Sebelumnya, sekarang ini aku bukannya pengen berkhotbah ataupun sok tau. Disini aku Cuma ingin menuangkan segala apa selama ini aku pikirkan, aku rasakan dan aku lakukan.
Selama ini aku kadang berfikir bahwa hidup ini tidak adil dan tidak pernah berpihak kepada saya dan seketika itu juga aku protes kepada Tuhan atas segala yang kualami. Tapi setelah sekian lama, aku mengalami suatu peristiwa yang memaksa diriku untuk berterima kasih kepada Tuhan atas keputusan yang dulu dia tetapkan padaku, padahal saat itu aku sangat tidak menerima keputusan tersebut.
Akhirnya aku termenung memikirkan hal tersebut. Apakah ini yang dinamakan takdir? Apakah ini suratan yang konon dulu pernah aku tanda tangani di hadapan Tuhan sebelum rohku dihembuskan ke bumi?
Pertanyaan itu selalu saja menghantui setiap langkah yang aku tempuh selama ini. Pertanyaan yang membuatku selalu bimbang pada setiap keputusan terhadap jalan hidup yang aku ambil, yaitu kebimbangan apakah keputusan tersebut memang keputusan yang aku tanda tangani saat itu.
Tapi setelah sekian lama aku berada dalam kebimbangan itu, aku kini telah mengambil keputusan untuk melakukan semua yang ada dalam pikiran aku setelah aku pilah melalui lapisan penyaring yang orang menyebut dengan hati dan perasaan. Karena aku yakin dan percaya bahwa manusia diciptakan oleh Tuhan sebagai makluk yang paling sempurna dari makluk-makluk lainnya.
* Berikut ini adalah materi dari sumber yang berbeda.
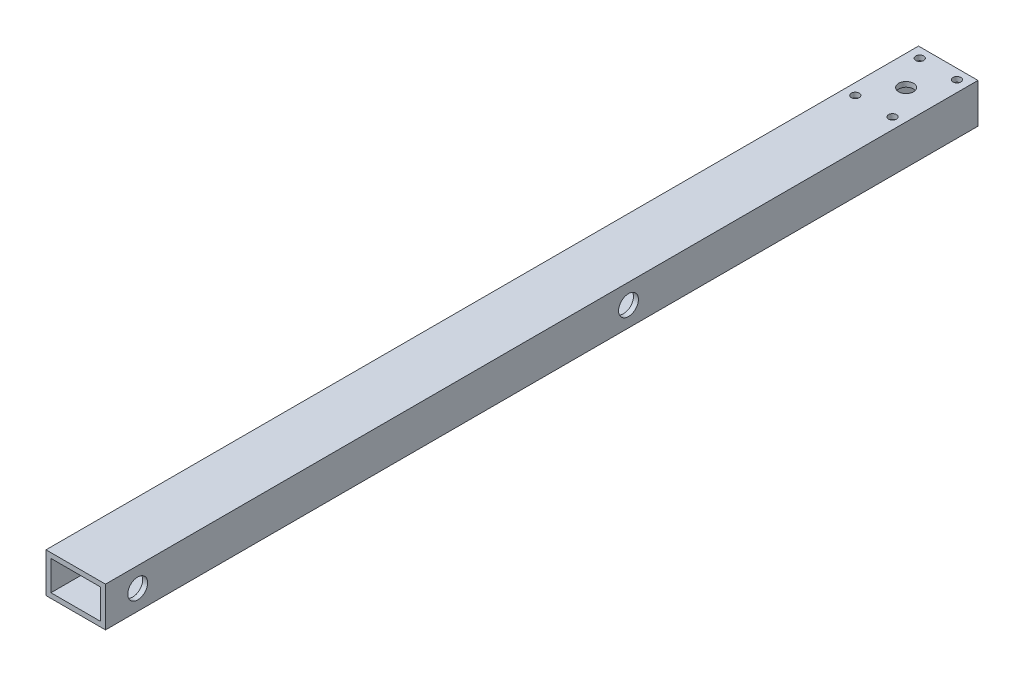
ISO-10303-21;
HEADER;
FILE_DESCRIPTION(('STEP AP214'),'2;1');
FILE_NAME('part.step','',(''),(''),'','','');
FILE_SCHEMA(('AUTOMOTIVE_DESIGN { 1 0 10303 214 1 1 1 1 }'));
ENDSEC;
DATA;
#1=APPLICATION_CONTEXT('core data for automotive mechanical design processes');
#2=APPLICATION_PROTOCOL_DEFINITION('international standard','automotive_design',2000,#1);
#3=PRODUCT_CONTEXT('',#1,'mechanical');
#4=PRODUCT('Part','Part','',(#3));
#5=PRODUCT_RELATED_PRODUCT_CATEGORY('part','',(#4));
#6=PRODUCT_DEFINITION_FORMATION('','',#4);
#7=PRODUCT_DEFINITION_CONTEXT('part definition',#1,'design');
#8=PRODUCT_DEFINITION('design','',#6,#7);
#9=PRODUCT_DEFINITION_SHAPE('','',#8);
#10=(LENGTH_UNIT() NAMED_UNIT(*) SI_UNIT(.MILLI.,.METRE.));
#11=(NAMED_UNIT(*) PLANE_ANGLE_UNIT() SI_UNIT($,.RADIAN.));
#12=(NAMED_UNIT(*) SI_UNIT($,.STERADIAN.) SOLID_ANGLE_UNIT());
#13=UNCERTAINTY_MEASURE_WITH_UNIT(LENGTH_MEASURE(1.E-05),#10,'distance_accuracy_value','');
#14=(GEOMETRIC_REPRESENTATION_CONTEXT(3) GLOBAL_UNCERTAINTY_ASSIGNED_CONTEXT((#13)) GLOBAL_UNIT_ASSIGNED_CONTEXT((#10,
#11,#12)) REPRESENTATION_CONTEXT('',''));
#15=CARTESIAN_POINT('',(0.,0.,0.));
#16=DIRECTION('',(0.,0.,1.));
#17=DIRECTION('',(1.,0.,0.));
#18=AXIS2_PLACEMENT_3D('',#15,#16,#17);
#19=CARTESIAN_POINT('',(0.,0.,558.8));
#20=DIRECTION('',(0.,0.,1.));
#21=DIRECTION('',(1.,0.,0.));
#22=AXIS2_PLACEMENT_3D('',#19,#20,#21);
#23=PLANE('',#22);
#24=DIRECTION('',(0.,1.,0.));
#25=VECTOR('',#24,1.);
#26=CARTESIAN_POINT('',(19.05,12.7,558.8));
#27=LINE('',#26,#25);
#28=CARTESIAN_POINT('',(19.05,-12.7,558.8));
#29=VERTEX_POINT('',#28);
#30=CARTESIAN_POINT('',(19.05,12.7,558.8));
#31=VERTEX_POINT('',#30);
#32=EDGE_CURVE('E141',#29,#31,#27,.T.);
#33=ORIENTED_EDGE('',*,*,#32,.T.);
#34=DIRECTION('',(-1.,0.,0.));
#35=VECTOR('',#34,1.);
#36=CARTESIAN_POINT('',(-19.05,12.7,558.8));
#37=LINE('',#36,#35);
#38=CARTESIAN_POINT('',(-19.05,12.7,558.8));
#39=VERTEX_POINT('',#38);
#40=EDGE_CURVE('E144',#31,#39,#37,.T.);
#41=ORIENTED_EDGE('',*,*,#40,.T.);
#42=DIRECTION('',(0.,-1.,0.));
#43=VECTOR('',#42,1.);
#44=CARTESIAN_POINT('',(-19.05,12.7,558.8));
#45=LINE('',#44,#43);
#46=CARTESIAN_POINT('',(-19.05,-12.7,558.8));
#47=VERTEX_POINT('',#46);
#48=EDGE_CURVE('E147',#39,#47,#45,.T.);
#49=ORIENTED_EDGE('',*,*,#48,.T.);
#50=DIRECTION('',(1.,0.,0.));
#51=VECTOR('',#50,1.);
#52=CARTESIAN_POINT('',(-19.05,-12.7,558.8));
#53=LINE('',#52,#51);
#54=EDGE_CURVE('E149',#47,#29,#53,.T.);
#55=ORIENTED_EDGE('',*,*,#54,.T.);
#56=EDGE_LOOP('',(#33,#41,#49,#55));
#57=FACE_BOUND('',#56,.T.);
#58=DIRECTION('',(-1.,0.,0.));
#59=VECTOR('',#58,1.);
#60=CARTESIAN_POINT('',(-15.875,9.525,558.8));
#61=LINE('',#60,#59);
#62=CARTESIAN_POINT('',(15.875,9.525,558.8));
#63=VERTEX_POINT('',#62);
#64=CARTESIAN_POINT('',(-15.875,9.525,558.8));
#65=VERTEX_POINT('',#64);
#66=EDGE_CURVE('E111',#63,#65,#61,.T.);
#67=ORIENTED_EDGE('',*,*,#66,.F.);
#68=DIRECTION('',(0.,1.,0.));
#69=VECTOR('',#68,1.);
#70=CARTESIAN_POINT('',(15.875,9.525,558.8));
#71=LINE('',#70,#69);
#72=CARTESIAN_POINT('',(15.875,-9.525,558.8));
#73=VERTEX_POINT('',#72);
#74=EDGE_CURVE('E103',#73,#63,#71,.T.);
#75=ORIENTED_EDGE('',*,*,#74,.F.);
#76=DIRECTION('',(1.,0.,0.));
#77=VECTOR('',#76,1.);
#78=CARTESIAN_POINT('',(-15.875,-9.525,558.8));
#79=LINE('',#78,#77);
#80=CARTESIAN_POINT('',(-15.875,-9.525,558.8));
#81=VERTEX_POINT('',#80);
#82=EDGE_CURVE('E125',#81,#73,#79,.T.);
#83=ORIENTED_EDGE('',*,*,#82,.F.);
#84=DIRECTION('',(0.,-1.,0.));
#85=VECTOR('',#84,1.);
#86=CARTESIAN_POINT('',(-15.875,9.525,558.8));
#87=LINE('',#86,#85);
#88=EDGE_CURVE('E123',#65,#81,#87,.T.);
#89=ORIENTED_EDGE('',*,*,#88,.F.);
#90=EDGE_LOOP('',(#67,#75,#83,#89));
#91=FACE_BOUND('',#90,.T.);
#92=ADVANCED_FACE('F36',(#57,#91),#23,.T.);
#93=CARTESIAN_POINT('',(0.,0.,0.));
#94=DIRECTION('',(0.,0.,1.));
#95=DIRECTION('',(1.,0.,0.));
#96=AXIS2_PLACEMENT_3D('',#93,#94,#95);
#97=PLANE('',#96);
#98=DIRECTION('',(0.,1.,0.));
#99=VECTOR('',#98,1.);
#100=CARTESIAN_POINT('',(19.05,12.7,0.));
#101=LINE('',#100,#99);
#102=CARTESIAN_POINT('',(19.05,-12.7,0.));
#103=VERTEX_POINT('',#102);
#104=CARTESIAN_POINT('',(19.05,12.7,0.));
#105=VERTEX_POINT('',#104);
#106=EDGE_CURVE('E119',#103,#105,#101,.T.);
#107=ORIENTED_EDGE('',*,*,#106,.F.);
#108=DIRECTION('',(1.,0.,0.));
#109=VECTOR('',#108,1.);
#110=CARTESIAN_POINT('',(-19.05,-12.7,0.));
#111=LINE('',#110,#109);
#112=CARTESIAN_POINT('',(-19.05,-12.7,0.));
#113=VERTEX_POINT('',#112);
#114=EDGE_CURVE('E145',#113,#103,#111,.T.);
#115=ORIENTED_EDGE('',*,*,#114,.F.);
#116=DIRECTION('',(0.,-1.,0.));
#117=VECTOR('',#116,1.);
#118=CARTESIAN_POINT('',(-19.05,12.7,0.));
#119=LINE('',#118,#117);
#120=CARTESIAN_POINT('',(-19.05,12.7,0.));
#121=VERTEX_POINT('',#120);
#122=EDGE_CURVE('E156',#121,#113,#119,.T.);
#123=ORIENTED_EDGE('',*,*,#122,.F.);
#124=DIRECTION('',(-1.,0.,0.));
#125=VECTOR('',#124,1.);
#126=CARTESIAN_POINT('',(-19.05,12.7,0.));
#127=LINE('',#126,#125);
#128=EDGE_CURVE('E154',#105,#121,#127,.T.);
#129=ORIENTED_EDGE('',*,*,#128,.F.);
#130=EDGE_LOOP('',(#107,#115,#123,#129));
#131=FACE_BOUND('',#130,.T.);
#132=DIRECTION('',(0.,1.,0.));
#133=VECTOR('',#132,1.);
#134=CARTESIAN_POINT('',(15.875,9.525,0.));
#135=LINE('',#134,#133);
#136=CARTESIAN_POINT('',(15.875,-9.525,0.));
#137=VERTEX_POINT('',#136);
#138=CARTESIAN_POINT('',(15.875,9.525,0.));
#139=VERTEX_POINT('',#138);
#140=EDGE_CURVE('E61',#137,#139,#135,.T.);
#141=ORIENTED_EDGE('',*,*,#140,.T.);
#142=DIRECTION('',(-1.,0.,0.));
#143=VECTOR('',#142,1.);
#144=CARTESIAN_POINT('',(-15.875,9.525,0.));
#145=LINE('',#144,#143);
#146=CARTESIAN_POINT('',(-15.875,9.525,0.));
#147=VERTEX_POINT('',#146);
#148=EDGE_CURVE('E118',#139,#147,#145,.T.);
#149=ORIENTED_EDGE('',*,*,#148,.T.);
#150=DIRECTION('',(0.,-1.,0.));
#151=VECTOR('',#150,1.);
#152=CARTESIAN_POINT('',(-15.875,9.525,0.));
#153=LINE('',#152,#151);
#154=CARTESIAN_POINT('',(-15.875,-9.525,0.));
#155=VERTEX_POINT('',#154);
#156=EDGE_CURVE('E133',#147,#155,#153,.T.);
#157=ORIENTED_EDGE('',*,*,#156,.T.);
#158=DIRECTION('',(1.,0.,0.));
#159=VECTOR('',#158,1.);
#160=CARTESIAN_POINT('',(-15.875,-9.525,0.));
#161=LINE('',#160,#159);
#162=EDGE_CURVE('E112',#155,#137,#161,.T.);
#163=ORIENTED_EDGE('',*,*,#162,.T.);
#164=EDGE_LOOP('',(#141,#149,#157,#163));
#165=FACE_BOUND('',#164,.T.);
#166=ADVANCED_FACE('F238',(#131,#165),#97,.F.);
#167=CARTESIAN_POINT('',(19.05,12.7,558.8));
#168=DIRECTION('',(-1.,0.,0.));
#169=DIRECTION('',(0.,0.,1.));
#170=AXIS2_PLACEMENT_3D('',#167,#168,#169);
#171=PLANE('',#170);
#172=CARTESIAN_POINT('',(19.05,0.,538.1625));
#173=DIRECTION('',(1.,0.,0.));
#174=DIRECTION('',(0.,0.,-1.));
#175=AXIS2_PLACEMENT_3D('',#172,#173,#174);
#176=CIRCLE('',#175,6.34999999999994);
#177=CARTESIAN_POINT('',(19.05,0.,531.8125));
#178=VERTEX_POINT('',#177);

Manusia diberi kebebasan untuk memilih dengan dianugerahkan oleh Tuhan kepada kita berupa akal dan pikiran. Dan dengan akal dan pikiran itu kita diberi kebebasan untuk memilih jalan mana yang akan kita ambil dalam hidup.
Tapi dalam kenyataan yang terjadi kadang kita menuai suatu keberhasilan bahkan kita akan menemui suatu kegagalan. Dan disinilah keimanan kita akan diuji. Hal ini dapat kita lihat pada saat kita menemui suatu kegagalan. Kadang kita akan marah bahkan akan menghujat atas suatu keputusan yang telah tersurat untuk kita. Tapi ketika kita semua mengingat kisah saya pada awal tulisan ini menunjukkan bahwa suratan takdir yang berlaku buat kita sekarang pastilah untuk kebaikan kita saat ini, dan yakinlah bahwa Tuhan akan memberi sesuatu yang mana terbaik buat kita, dan Tuhan adalah maha tau terhadap apa-apa yang berlaku pada umatnya. Dan itulah yang selama aku lakukan. “ Do the Best What do You want To Do”.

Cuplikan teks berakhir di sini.